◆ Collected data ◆

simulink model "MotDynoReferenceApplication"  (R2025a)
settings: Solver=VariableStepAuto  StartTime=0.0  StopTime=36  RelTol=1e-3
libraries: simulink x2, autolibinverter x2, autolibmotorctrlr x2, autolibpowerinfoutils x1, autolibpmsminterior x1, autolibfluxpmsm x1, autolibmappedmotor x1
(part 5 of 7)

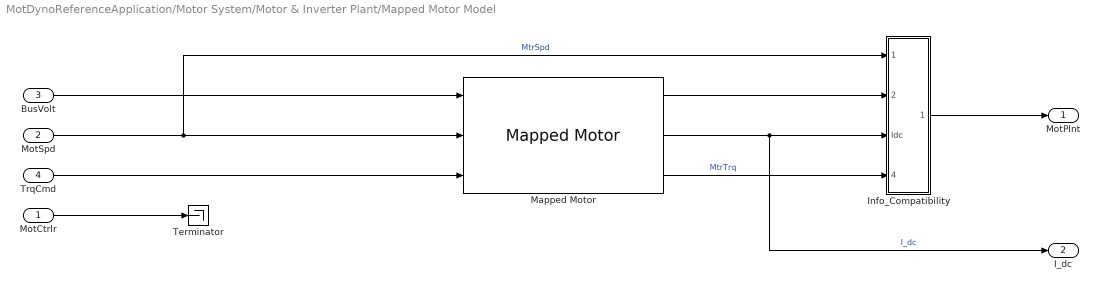
== system MotDynoReferenceApplication/Motor System/Motor & Inverter Plant/Mapped Motor Model ==
  MotCtrlr : Inport
  MotSpd : Inport  Port=2
  BusVolt : Inport  Port=3
  TrqCmd : Inport  Port=4
  Info_Compatibility : Subsystem
  Mapped Motor : autolibmappedmotor/Mapped Motor  w_Tmax_bp_ext=[-800;-750;-375;0;375;750;800]  Tmax_w_V_ext=[0 0 0;0.07 0.07 0.07;0.08 0.08 0.08;0.09 0.09 0.09;0.08 0.08 0.08;0.07 0.07 0.07;0 0 0]  w_Tmin_bp_ext=[-800;-750;-375;0;375;750;800]  Tmin_w_V_ext=[0 0 0;-0.07 -0.07 -0.07;-0.08 -0.08 -0.08;-0.09 -0.09 -0.09;-0.08 -0.08 -0.08;-0.07 -0.07 -0.07;0 0 0]  port_config=Speed  param_by=Tabulated torque-speed envelope  w_t=[0 167.55 335.1 468.94 502.65 670.21 837.76 1005.31 1172.86 1340.41 1507.96 1675.52]  T_t=[450 450 450 450 419.8 314.8 251.9 209.9 179.9 157.4 139.9 125.9]  torque_max=.1  power_max=30  SpreadsheetTqLimitsFileName=MotorCalibrationImportData.xlsx  Tmax_w_V=[0.09 0.09 0.09;0.08 0.08 0.08;0.07 0.07 0.07;0 0 0]  w_Tmax_bp=[ 0 375 750 800 ]  V_Tmax_bp=[500 750 900]  Tmin_w_V=[-0.09 -0.09 -0.09;-0.08 -0.08 -0.08;-0.07 -0.07 -0.07;0 0 0]  w_Tmin_bp=[ 0 375 750 800 ]  V_Tmin_bp=[500 750 900]  Tc=0.02  param_loss=Tabulated efficiency data  SpreadsheetLossFileName=MotorCalibrationImportData.xlsx  SpreadsheetEffFileName=MotorCalibrationImportData.xlsx  eff=100  w_eff=375  T_eff=0.08  Piron=0  Pbase=0  w_eff_bp=[0 167.55 335.1 468.94 502.65 670.21 837.76 1005.31 1172.86 1340.41 1507.96 1675.52]  T_eff_bp=[0 32.1 64.3 96.4 128.6 160.7 192.9 225 257.1 289.3 321.4 353.6 385.7 417.9 450]  Temp_eff_bp=[233.15 293.15 373.15]  V_eff_bp=[500 700 900]  losses_table=[1.49 1.67 2.21 3.10; 0.42 0.69 1.14 2.03; 0.06 0.24 0.78 1.68; 0.42 0.69 1.14 2.03; 1.49 1.67 2.21 3.10]  losses_table_3d=cat(3,[1.49 1.67 2.21 3.10; 0.42 0.69 1.14 2.03; 0.06 0.24 0.78 1.68; 0.42 0.69 1.14 2.03; 1.49 1.67 2.21 3.10],[1.49 1.67 2.21 3.10; 0.42 0.69 1.14 2.03; 0.06 0.24 0.78 1.68; 0.42 0.69 1.14 2.03; 1.49 1.67 2.21 3.10],[1.49 1.67 2.21 3.10; 0.42 0.69 1.14 2.03; 0.06 0.24 0.78 1.68; 0.42 0.69 1.14 2.03; 1.49 1.67 2.21 3.10])  losses_table_4d=cat(4,cat(3,[1.5645 0.441 0.063 0.441 1.5645;1.7535 0.7245 0.252 0.7245 1.7535;2.3205 1.197 0.819 1.197 2.3205;3.255 2.1315 1.764 2.1315 3.255],[1.5645 0.441 0.063 0.441 1.5645;1.7535 0.7245 0.252 0.7245 1.7535;2.3205 1.197 0.819 1.197 2.3205;3.255 2.1315 1.764 2.1315 3.255],[1.5645 0.441 0.063 0.441 1.5645;1.7535 0.7245 0.252 0.7245 1.7535;2.3205 1.197 0.819 1.197 2.3205;3.255 2.1315 1.764 2.1315 3.255]),cat(3,[1.49 0.42 0.06 0.42 1.49;1.67 0.69 0.24 0.69 1.67;2.21 1.14 0.78 1.14 2.21;3.1 2.03 1.68 2.03 3.1],[1.49 0.42 0.06 0.42 1.49;1.67 0.69 0.24 0.69 1.67;2.21 1.14 0.78 1.14 2.21;3.1 2.03 1.68 2.03 3.1],[1.49 0.42 0.06 0.42 1.49;1.67 0.69 0.24 0.69 1.67;2.21 1.14 0.78 1.14 2.21;3.1 2.03 1.68 2.03 3.1]),cat(3,[1.5347 0.4326 0.0618 0.4326 1.5347;1.7201 0.7107 0.2472 0.7107 1.7201;2.2763 1.1742 0.8034 1.1742 2.2763;3.193 2.0909 1.7304 2.0909 3.193],[1.5347 0.4326 0.0618 0.4326 1.5347;1.7201 0.7107 0.2472 0.7107 1.7201;2.2763 1.1742 0.8034 1.1742 2.2763;3.193 2.0909 1.7304 2.0909 3.193],[1.5347 0.4326 0.0618 0.4326 1.5347;1.7201 0.7107 0.2472 0.7107 1.7201;2.2763 1.1742 0.8034 1.1742 2.2763;3.193 2.0909 1.7304 2.0909 3.193]))  efficiency_table=[86.7 86.7 86.7 86.7 86.7 86.7 86.7 86.7 86.7 86.7 86.7 86.7 86.7 86.7 86.7;86.7 86.7 86.7 86.7 86.7 86.7 86.7 86.7 86.7 86.7 86.7 86.7 86.7 86.7 86.7;86.7 86.7 91.8 91.8 91.8 91.8 91.8 91.8 91.8 91.8 89.76 89.76 89.76 89.76 89.76;86.7 86.7 93.84 93.84 93.84 93.84 93.84 93.84 93.84 93.84 93.84 91.8 91.8 91.8 91.8;86.7 86.7 93.84 93.84 94.86 94.86 94.86 94.86 93.84 93.84 93.84 91.8 91.8 91.8 91.8;86.7 86.7 94.86 95.88 95.88 95.88 95.88 95.88 95.88 95.88 95.88 95.88 95.88 95.88 95.88;86.7 86.7 94.86 95.88 95.88 96.9 96.9 96.9 96.9 96.9 96.9 96.9 96.9 96.9 96.9;86.7 86.7 94.86 95.88 95.88 96.9 96.9 96.9 96.9 96.9 96.9 96.9 96.9 96.9 96.9;86.7 86.7 94.86 95.88 96.9 96.9 96.9 96.9 96.9 96.9 96.9 96.9 96.9 96.9 96.9;86.7 86.7 94.86 95.88 96.9 96.9 96.9 96.9 96.9 96.9 96.9 96.9 96.9 96.9 96.9;86.7 86.7 94.86 95.88 95.88 95.88 95.88 95.88 95.88 95.88 95.88 95.88 95.88 95.88 95.88;86.7 86.7 91.8 93.84 94.86 94.86 94.86 94.86 94.86 94.86 94.86 94.86 94.86 94.86 94.86]  efficiency_table_3d=cat(3,[95 95 95 95; 95 95 95 95; 95 95 95 95; 95 95 95 95; 95 95 95 95],[95 95 95 95; 95 95 95 95; 95 95 95 95; 95 95 95 95; 95 95 95 95],[95 95 95 95; 95 95 95 95; 95 95 95 95; 95 95 95 95; 95 95 95 95])  efficiency_table_4d=cat(4,cat(3,90*ones(5,4)',90*ones(5,4)',90*ones(5,4)'),cat(3,95*ones(5,4)',95*ones(5,4)',95*ones(5,4)'),cat(3,92*ones(5,4)',92*ones(5,4)',92*ones(5,4)'))  J=5e-6  b=1e-5  omega_o=0  T_t_extended=[125.9 139.9 157.4 179.9 209.9 251.9 314.8 419.8 450 450 450 450 450 450 450 419.8 314.8 251.9 209.9 179.9 157.4 139.9 125.9]  w_t_extended=[-1675.52 -1507.96 -1340.41 -1172.86 -1005.31 -837.76 -670.21 -502.65 -468.94 -335.1 -167.55 0 167.55 335.1 468.94 502.65 670.21 837.76 1005.31 1172.86 1340.41 1507.96 1675.52]  KLossIron=0  KLossCopper=0  x_w_eff_vec=[-1675.52 -1507.96 -1340.41 -1172.86 -1005.31 -837.76 -670.21 -502.65 -468.94 -335.1 -167.55 0 167.55 335.1 468.94 502.65 670.21 837.76 1005.31 1172.86 1340.41 1507.96 1675.52]  x_T_eff_vec=[-450 -417.9 -385.7 -353.6 -321.4 -289.3 -257.1 -225 -192.9 -160.7 -128.6 -96.4 -64.3 -32.1 0 32.1 64.3 96.4 128.6 160.7 192.9 225 257.1 289.3 321.4 353.6 385.7 417.9 450]  x_tmp_eff_vec=[-0.09 -0.06 -0.03 0 0.03 0.06 0.09]  x_V_eff_vec=[500 700 900]  x_losses_mat=[40854.7096774194 37940.4070537635 35017.0256057348 32102.7229820789 29179.3415340502 26265.0389103943 23341.6574623656 20427.3548387097 17513.0522150538 14589.6707670251 11675.3681433692 10602.7705507246 9623.4714074074 8250.63152941177 0 7153.297536 8834.34675199999 9949.6398848 11075.2542208 13839.7616896 16612.8813312 19377.3888 22141.8962688 24915.0159104 27679.5233792 30452.6430208 33217.1504896 35990.2701312 38754.7776;29158.9261576971 27078.9227584481 24992.4395978306 22912.4361985816 20825.9530379641 18745.9496387151 16659.4664780976 14579.4630788486 12499.4596795995 10412.9765189821 8332.973119733 6246.48995911556 5253.88779169303 7425.52898269897 0 6437.933628 4983.8379592 5989.1345728 7989.6546272 9983.9618864 11984.4819408 13978.7892 15973.0964592 17973.6165136 19967.9237728 21968.4438272 23962.7510864 25963.2711408 27957.5784;19296.9241486067 17920.4102260061 16539.6080980391 15163.0941754385 13782.2920474716 12405.7781248709 11024.975996904 9648.46207430336 8271.94815170275 6891.14602373578 5514.63210113516 5552.44012181894 4670.12635273035 6600.4756782007 0 5722.612413 4430.0818582 5323.6795888 5343.67850599999 6677.52049699998 8015.51775899998 9349.35974999997 10683.201741 12021.199003 13355.040994 14693.038256 16026.880247 17364.877509 18698.7194999999;16884.8266253869 15680.3756594427 14472.1725098039 13267.7215438596 12059.5183942208 10855.0674282765 9646.86427863773 8442.41331269346 7237.96234674919 6029.75919711039 4825.30823116613 4858.39028452232 4086.36491376766 5775.42237370242 0 5007.291198 3876.3257572 4658.2246048 4675.72367599999 5842.83666199998 7013.58551399998 8180.69849999998 9347.81148599998 10518.560338 11685.673324 12856.422176 14023.535162 15194.284014 16361.397;14472.7291021671 13440.3410928792 12404.7369215686 11372.3489122806 10336.74474097 9304.3567316821 8268.75256037148 7236.36455108356 6203.97654179564 5168.37237048501 5555.33383312474 4164.3404472257 3502.60347480498 4950.36906920415 0 4291.969983 3322.5696562 3992.7696208 5326.4540792 5008.15282699999 6011.65326899998 7012.03724999998 8012.42123099998 9015.92167299998 10016.305654 11019.806096 12020.190077 13023.690519 14024.0745;12060.6315789473 11200.3065263157 10337.3013333333 9476.97628070171 8613.97108771926 7753.64603508768 6890.64084210523 6030.31578947366 5169.99073684208 4306.98554385963 4629.45407092199 3470.29060992908 2918.8420358423 4125.31576470588 0 3576.648768 2768.8135552 3327.3146368 4438.7205632 4173.46899199999 5009.72102399999 5843.37599999998 6677.03097599998 7513.28300799998 8346.93798399998 9183.19001599998 10016.844992 10853.097024 11686.752;12959.6301627034 12035.1765444305 11107.8430083438 10183.3893900709 9256.05585398415 8331.60223571131 7404.26869962453 6479.81508135169 5555.36146307885 4628.02792699207 3703.57430871923 2776.24077263246 2335.08059687962 3300.26246020761 0 2861.327553 2215.0574542 2661.8596528 3550.9870472 4437.3531764 5326.4805708 6212.8467 7099.2128292 7988.3402236 8874.7063528 9763.8337472 10650.1998764 11539.3272708 12425.6934;20204.5588235294 18763.3002941176 17317.5518627451 15876.2933333333 10604.8437084399 9545.67916879796 8483.2150511509 6128.13330170779 5253.85295066415 4376.84898481974 3502.5686337761 3180.79319693095 2121.628657289 2475.15991349481 0 2145.963645 1990.936332 2984.856336 3322.536606 4151.878947 4983.804909 5813.14725 7960.649004 8957.665332 9951.585336 14574.43728 15897.51261 17224.70967 18547.785;18849.5490196078 17504.9478562091 16156.1579041394 14811.5567407407 9893.63455413471 8905.50241602729 7914.29198465474 6926.15984654732 5938.0277084399 4946.81727706735 3958.68513895993 2967.47470758739 1979.34256947997 2309.1644083045 0 2002.045542 1857.4150672 2784.6782656 3714.8301344 4642.0933328 5572.2452016 6499.5084 7426.7715984 8356.9234672 9284.1866656 13597.009088 14831.352956 16069.542132 17303.886;17202.9946524064 15975.8477005348 14744.8778609626 13517.7309090909 12286.7610695187 8659.52424836601 7695.69196078431 6734.85294117647 5774.01392156863 ...(+5339 chars)]  x_losses_mat_3d=[37.8947368421052 25.2631578947368 12.6315789473684 0 12 24 36;18.9473684210526 12.6315789473684 6.3157894736842 0 5.99999999999999 12 18;0 0 0 0 0 0 0;18 12 5.99999999999999 0 6.3157894736842 12.6315789473684 18.9473684210526;36 24 12 0 12.6315789473684 25.2631578947368 37.8947368421052]  x_losses_mat_4d="reshape([80;53.33;26.67;0;24;48;72;40;26.67;13.33;0;12;24;36;0;0;0;0;0;0;0;36;24;12;0;13.33;26.67;40;72;48;24;0;26.67;53.33;80;80;53.33;26.67;0;24;48;72;40;26.67;13.33;0;12;24;36;0;0;0;0;0;0;0;36;24;12;0;13.33;26.67;40;72;48;24;0;26.67;53.33;80;80;53.33;26.67;0;24;48;72;40;26.67;13.33;0;12;24;36;0;0;0;0;0;0;0;36;24;12;0;13.33;26.67;40;72;48;24;0;26.67;53.33;80;37.89;25.26;12.63;0;12;24;36;18.95;12.63;6.32;0;6;12;18;0;0;0;0;0;0;0;18;12;6;0;6.32;12.63;18.95;36;24;12;0;12.63;25.26;37.89;37.89;25.26;12.63;0;12;24;36;18.95;12.63;6.32;0;6;12;18;0;0;0;0;0;0;0;18;12;6;0;6.32;12.63;18.95;36;24;12;0;12.63;25.26;37.89;37.89;25.26;12.63;0;12;24;36;18.95;12.63;6.32;0;6;12;18;0;0;0;0;0;0;0;18;12;6;0;6.32;12.63;18.95;36;24;12;0;12.63;25.26;37.89;62.61;41.74;20.87;0;19.2;38.4;57.6;31.3;20.87;10.43;0;9.6;19.2;28.8;0;0;0;0;0;0;0;28.8;19.2;9.6;0;10.43;20.87;31.3;57.6;38.4;19.2;0;20.87;41.74;62.61;62.61;41.74;20.87;0;19.2;38.4;57.6;31.3;20.87;10.43;0;9.6;19.2;28.8;0;0;0;0;0;0;0;28.8;19.2;9.6;0;10.43;20.87;31.3;57.6;38.4;19.2;0;20.87;41.74;62.61;62.61;41.74;20.87;0;19.2;38.4;57.6;31.3;20.87;10.43;0;9.6;19.2;28.8;0;0;0;0;0;0;0;28.8;19.2;9.6;0;10.43;20.87;31.3;57.6;38.4;19.2;0;20.87;41.74;62.61], [7  5  3  3])"  CalLossMapData={}  CalLossWithTempMapData={}  aMode=6  RefBlkName='autolibmappedmotor/Mapped Motor'
  Terminator : Terminator
  MotPlnt : Outport  VectorParamsAs1DForOutWhenUnconnected=off
  I_dc : Outport  Port=2  VectorParamsAs1DForOutWhenUnconnected=off
  wires:
  MotCtrlr/1 -> Terminator/1
  MotSpd/1 -> Info_Compatibility/1(MtrSpd), Mapped Motor/2  "MtrSpd"
  BusVolt/1 -> Mapped Motor/1
  TrqCmd/1 -> Mapped Motor/3
  Mapped Motor/1 -> Info_Compatibility/2(Info)
  Mapped Motor/2 -> I_dc/1, Info_Compatibility/3(Idc)  "I_dc"
  Mapped Motor/3 -> Info_Compatibility/4(MtrTrq)  "MtrTrq"
  Info_Compatibility/1(Info_) -> MotPlnt/1

◆ THE TASK ◆
After locating the line with "MotSpd/1 -> Info_Compatibility/1(MtrSpd), Mapped", output that line and every later one exactly, through the end of the entries above.

◆ RESPONSE FOR THIS EXERCISE ◆
  MotSpd/1 -> Info_Compatibility/1(MtrSpd), Mapped Motor/2  "MtrSpd"
  BusVolt/1 -> Mapped Motor/1
  TrqCmd/1 -> Mapped Motor/3
  Mapped Motor/1 -> Info_Compatibility/2(Info)
  Mapped Motor/2 -> I_dc/1, Info_Compatibility/3(Idc)  "I_dc"
  Mapped Motor/3 -> Info_Compatibility/4(MtrTrq)  "MtrTrq"
  Info_Compatibility/1(Info_) -> MotPlnt/1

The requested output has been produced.